While the above discussion primarily refers to microprocessors or multi-core processors that execute software, some embodiments are performed by one or more integrated circuits, such as application-specific integrated circuits (ASICs) or field-programmable gate arrays (FPGAs). In some embodiments, such integrated circuits execute instructions that are stored on the circuit itself.
As used in this specification, the terms “computer”, “server”, “processor”, and “memory” all refer to electronic or other technological devices. These terms exclude people or groups of people. For the purposes of the specification, the terms “display” or “displaying” mean displaying on an electronic device. As used in this specification, the terms “computer-readable medium,” “computer-readable media,” and “machine-readable medium” are entirely restricted to tangible, physical objects that store information in a form that is readable by a computer. These terms exclude any wireless signals, wired download signals, and any other ephemeral or transitory signals.
While the invention has been described with reference to numerous specific details, one of ordinary skill in the art will recognize that the invention can be embodied in other specific forms without departing from the spirit of the invention.
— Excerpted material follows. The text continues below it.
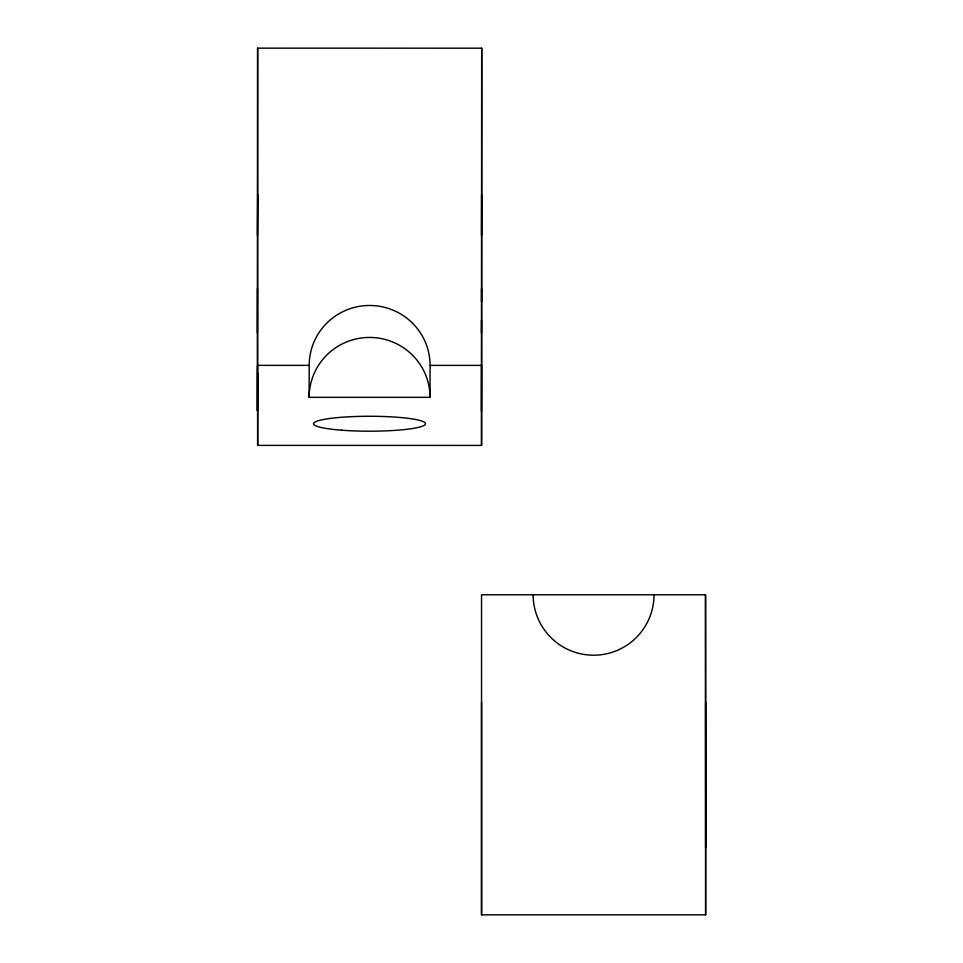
<?xml version="1.0" encoding="UTF-8"?>
<svg xmlns="http://www.w3.org/2000/svg" width="963" height="963" viewBox="0 0 963 963"><rect width="100%" height="100%" fill="white"/><g stroke="black" fill="none" stroke-linecap="round" stroke-linejoin="round"><path stroke-width="1.44" d="M257.446 366.096L257.374 410.9L257.627 48.15L481.705 48.186L481.548 445.424L257.663 445.388L257.675 373.343M257.663 445.388L257.627 48.15M481.548 914.85L481.548 594.773L705.626 594.773L705.626 914.85L481.548 914.85L481.548 702.183M481.548 445.424L481.705 48.186M705.434 594.773L705.626 847.693M257.386 333.258L257.458 288.443M430.076 365.386L430.028 397.346L309.147 397.334L309.195 365.374A60.44 59.899 0.1 0 1 369.636 305.476A60.44 59.899 0.1 0 1 430.076 365.386L481.669 365.398M481.512 235.369L481.572 194.767M481.452 410.936L481.512 366.121M481.452 333.282L481.476 319.836M481.5 301.925L481.524 288.479M257.446 235.333L257.699 194.731M257.59 365.362L309.195 365.374M705.626 702.183L705.626 914.85M654.033 594.773A60.44 60.44 0 0 1 593.593 655.213A60.44 60.44 0 0 1 533.141 594.773M309.147 397.334A60.44 59.899 0.1 0 1 369.587 337.435A60.44 59.899 0.1 0 1 430.028 397.346M341.552 430.196A55.962 7.463 0 0 0 425.502 423.744A55.962 7.463 0 0 0 341.576 417.268A55.962 7.463 0 0 0 341.552 430.196"/></g></svg>

For instance, several of the above-described embodiments are described as being deployed on one or more datacenters. Datacenters may be public or private. Additionally, some embodiments may involve elements that are not deployed in a datacenter, such as an individual network capable device in a private home, etc. Similarly, where the above described embodiments describe sampling packet flows between applications running on machines implemented by host computers, other embodiments may include packet flows between physical devices including computers and/or other network capable devices. Thus, one of ordinary skill in the art would understand that the invention is not to be limited by the foregoing illustrative details, but rather is to be defined by the appended claims.